- Education: London School of Hygiene and Tropical Medicine
- Occupation: Epidemiologist ;
- Awards: L'Oréal-UNESCO For Women in Science Awards (2020) ;
- Academic career
- Fields: Epidemiology; Gerontology
- Institutions: American University of Beirut ;

= Abla Mehio Sibai =

Researcher

Abla Mehio Sibai (Arabic: عبلة محيو السباعي) is a Professor of Epidemiology at the American University of Beirut (AUB), Lebanon. Sibai has served as the Interim Dean of AUB's Faculty of Health Sciences (FHS) from 2020 to 2022 and is currently the Dean of FHS. She is also the co-founder of the Center for Studies on Aging in Lebanon and co-founding director of the AUB University for Seniors Program.
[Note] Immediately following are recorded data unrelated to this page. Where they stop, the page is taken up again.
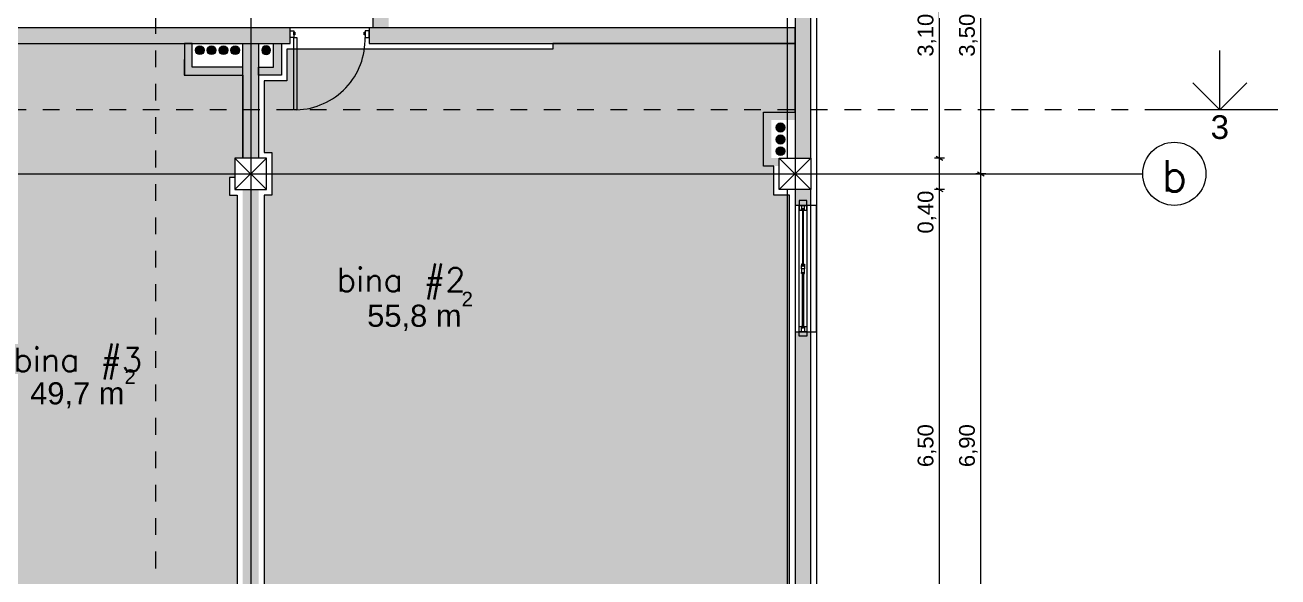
# Model space of a CAD drawing. Header units: metres. Extents: x 476297 to 476657, y 4620828 to 4621206.
# Drawn here: x 476422.5 to 476438.38, y 4621028.39 to 4621035.38 of the extents above; entities that cross this region are included whole.
import ezdxf

# ---------------------------------------------------------------- set-up
doc = ezdxf.new("R2010")
doc.units = ezdxf.units.M
doc.header["$MEASUREMENT"] = 0
doc.linetypes.add('Dashed', pattern=[0.423333, 0.211667, -0.211667])
for name, color, linetype in [('0_Pen_No__42_Pen_No__250', 7, 'Continuous'), ('2D Drafting - General_Pen_No__1', 7, 'Continuous'), ('2D Drafting - General_Pen_No__1_Pen_No__7', 7, 'Continuous'), ('2D Drafting - General_Pen_No__250_Pen_No__7', 7, 'Continuous'), ('Annotation - Text_Pen_No__7', 7, 'Continuous'), ('Doors_Pen_No__7_Pen_No__7', 7, 'Continuous'), ('G-Anno-Nplt', 7, 'Continuous'), ('kar-panjara_Pen_No__7_Pen_No__7', 7, 'Continuous'), ('New.', 7, 'Continuous'), ('New0_Pen_No__250', 7, 'Continuous'), ('Newreg_nak', 7, 'Continuous'), ('Newshenobebi', 7, 'Continuous'), ('shaxtebi da milebi_Pen_No__1_Pen_No__1', 7, 'Continuous'), ('shaxtebi da milebi_Pen_No__5_Pen_No__250', 7, 'Continuous'), ('shaxtebi da milebi_Pen_No__5_Pen_No__5', 7, 'Continuous'), ('zoma', 7, 'Continuous'), ('zoma_Pen_No__5', 7, 'Continuous')]:
    doc.layers.add(name, color=color, linetype=linetype)
doc.styles.add('GENERATED_STYLE_1', font='arial.ttf')
doc.styles.add('GENERATED_STYLE_2', font='arial.ttf')
doc.dimstyles.new('GENERATED_STYLE__1', dxfattribs={"dimtxt": 0.2, "dimasz": 0.064421, "dimexe": 0.18, "dimexo": 0.003, "dimgap": 0.09, "dimtad": 1, "dimtih": 1, "dimtoh": 1, "dimzin": 0, "dimdsep": 46, "dimtxsty": 'GENERATED_STYLE_2', "dimblk": 'ARROWHEAD_2', "dimblk1": 'ARROWHEAD_2', "dimblk2": 'ARROWHEAD_2', "dimcen": 0.09, "dimclrd": 142, "dimclre": 142, "dimclrt": 142, "dimadec": 0, "dimazin": 0, "dimtfac": 1, "dimtdec": 4, "dimtmove": 0, "dimatfit": 3, "dimfxl": 1, "dimtolj": 1, "dimtzin": 0, "dimarcsym": 0})
doc.dimstyles.new('GENERATED_STYLE__11', dxfattribs={"dimtxt": 0.2, "dimasz": 0.064421, "dimexe": 0.18, "dimexo": 0.003, "dimgap": 0.09, "dimtad": 1, "dimzin": 0, "dimdsep": 46, "dimtxsty": 'GENERATED_STYLE_2', "dimblk": 'ARROWHEAD_2', "dimblk1": 'ARROWHEAD_2', "dimblk2": 'ARROWHEAD_2', "dimcen": 0.09, "dimclrd": 142, "dimclre": 142, "dimclrt": 142, "dimadec": 0, "dimazin": 0, "dimtfac": 1, "dimtdec": 4, "dimtmove": 0, "dimatfit": 3, "dimfxl": 1, "dimtolj": 1, "dimtzin": 0, "dimarcsym": 0})

# ---------------------------------------------------------------- blocks, each defined once
blk = doc.blocks.new('*D199', base_point=(476844.527, 4621385.791))
at = {"layer": 'zoma', "color": 142, "linetype": 'Continuous', "lineweight": 0, "transparency": 16777216}
for p, q in [((476418.68, 4621061.905), (476418.631, 4621061.821)), ((476418.656, 4621061.799), (476418.656, 4621061.926)), ((476418.656, 4621061.863), (476425.156, 4621061.863)), ((476425.18, 4621061.905), (476425.131, 4621061.821)), ((476425.156, 4621061.799), (476425.156, 4621061.926))]:
    blk.add_line(p, q, dxfattribs=at)
at = {"layer": 'zoma', "color": 142, "lineweight": 0, "transparency": 16777216, "char_height": 0.2, "attachment_point": 7, "style": 'GENERATED_STYLE_2'}
for s, insert in [('\\A1;{\\pql;\\fArial CYR|b0|i0|c204|p34;6,50}', (476421.64, 4621061.903)), ('\\A1;{\\pql;\\fArial CYR|b0|i0|c204|p34;0,40}', (476424.599, 4621061.903))]:
    blk.add_mtext(s, dxfattribs=dict(at, insert=insert))
blk = doc.blocks.new('ARROWHEAD_2')
at = {"color": 0, "linetype": 'Continuous', "lineweight": 0}
for p, q in [((0, 0), (-1, 0)), ((-0.38, -0.66), (0.38, 0.66))]:
    blk.add_line(p, q, dxfattribs=at)
blk = doc.blocks.new('*D200', base_point=(476844.527, 4621385.791))
at = {"layer": 'zoma', "color": 142, "linetype": 'Continuous', "lineweight": 0, "transparency": 16777216}
for p, q in [((476425.18, 4621061.905), (476425.131, 4621061.821)), ((476425.156, 4621061.799), (476425.156, 4621061.926)), ((476425.156, 4621061.863), (476425.556, 4621061.863)), ((476425.58, 4621061.905), (476425.531, 4621061.821)), ((476425.556, 4621061.799), (476425.556, 4621061.926))]:
    blk.add_line(p, q, dxfattribs=at)
blk = doc.blocks.new('*D201', base_point=(476844.527, 4621385.791))
at = {"layer": 'zoma', "color": 142, "linetype": 'Continuous', "lineweight": 0, "transparency": 16777216}
for p, q in [((476425.58, 4621061.905), (476425.531, 4621061.821)), ((476425.556, 4621061.799), (476425.556, 4621061.926)), ((476425.556, 4621061.863), (476432.056, 4621061.863)), ((476432.08, 4621061.905), (476432.031, 4621061.821)), ((476432.056, 4621061.799), (476432.056, 4621061.926))]:
    blk.add_line(p, q, dxfattribs=at)
at = {"layer": 'zoma', "color": 142, "lineweight": 0, "transparency": 16777216, "char_height": 0.2, "attachment_point": 7, "style": 'GENERATED_STYLE_2'}
for s, insert in [('\\A1;{\\pql;\\fArial CYR|b0|i0|c204|p34;6,50}', (476428.54, 4621061.903)), ('\\A1;{\\pql;\\fArial CYR|b0|i0|c204|p34;0,40}', (476431.499, 4621061.903))]:
    blk.add_mtext(s, dxfattribs=dict(at, insert=insert))
blk = doc.blocks.new('*D202', base_point=(476844.527, 4621385.791))
at = {"layer": 'zoma', "color": 142, "linetype": 'Continuous', "lineweight": 0, "transparency": 16777216}
for p, q in [((476432.08, 4621061.905), (476432.031, 4621061.821)), ((476432.056, 4621061.799), (476432.056, 4621061.926)), ((476432.056, 4621061.863), (476432.456, 4621061.863)), ((476432.431, 4621061.821), (476432.48, 4621061.905)), ((476432.456, 4621061.799), (476432.456, 4621061.926)), ((476432.456, 4621061.863), (476432.497, 4621061.863))]:
    blk.add_line(p, q, dxfattribs=at)
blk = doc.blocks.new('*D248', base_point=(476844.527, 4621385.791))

== Early life and education ==
Despite being inspired by mathematics, Abla Mehio Sibai studied pharmacy at the American University of Beirut, where she earned her bachelor's degree in 1977. Her brief pharmacy career came to a halt because of the violent situation in Lebanon. After being a full-time mother for 10 years, she returned to the American University of Beirut where she got her master's degree in epidemiology in 1986. Sibai received her PhD in epidemiology from London School of Hygiene and Tropical Medicine in 1997.

== Research and career ==
Being a public health scholar, Sibai's research focuses on healthy ageing, social demography, and epidemiology of non-communicable diseases (NCDs). In Lebanon, she led the first Global Burden of Disease in 2002 and the first NCD Behavioral Risk factor Study in 2008. Sibai led the first Global Burden of Disease in 2002 and the first NCD Behavioral Risk factor Study in 2008. Her exploration of existing NCD research in Arab countries, where NCDs represent nearly 60% of the disease burden, highlighted the disconnect between research and policy and the dire need to reduce research waste in resource-scarce countries. She also co-founded the AUB University for Seniors (UFS) program in 2010, and is also the Director of the Center for Studies on Ageing which she co-founded in 2008. She spearheaded the three regional mapping reviews of policies and programs on Ageing in Arab countries (2007, 2012, 2017) and led the development of the 'National Strategy for Older Persons' in Lebanon (2020), for the country's Ministry of Social Affairs. She has published over 200 papers in refereed journals and close to 100 book chapters, scientific and technical reports, and policy briefs.

== Other activities ==
- World Health Organization (WHO), Member of the Science Council (since 2021)
- HelpAge International, Member of the Board of Trustees

==Recognition==
Sibai was awarded the L'Oréal-UNESCO For Women in Science Award in 2020 "for her pioneering research and advocacy to improve healthy ageing in low- and middle-income countries and their impact on health and social policies and programs." Sibai was also awarded the Dr A.T. Shousha Foundation Prize in 2014 for her contributions to public health, and The State of Kuwait Prize for the Control of Cancer, Cardiovascular Diseases and Diabetes in the Eastern Mediterranean Region in 2019. She was also awarded from AUB in 1990 the Kiram Siniora Research Prize in Social Sciences, Population Studies, Anthropology and Epidemiology and the Best Research Award in 1989.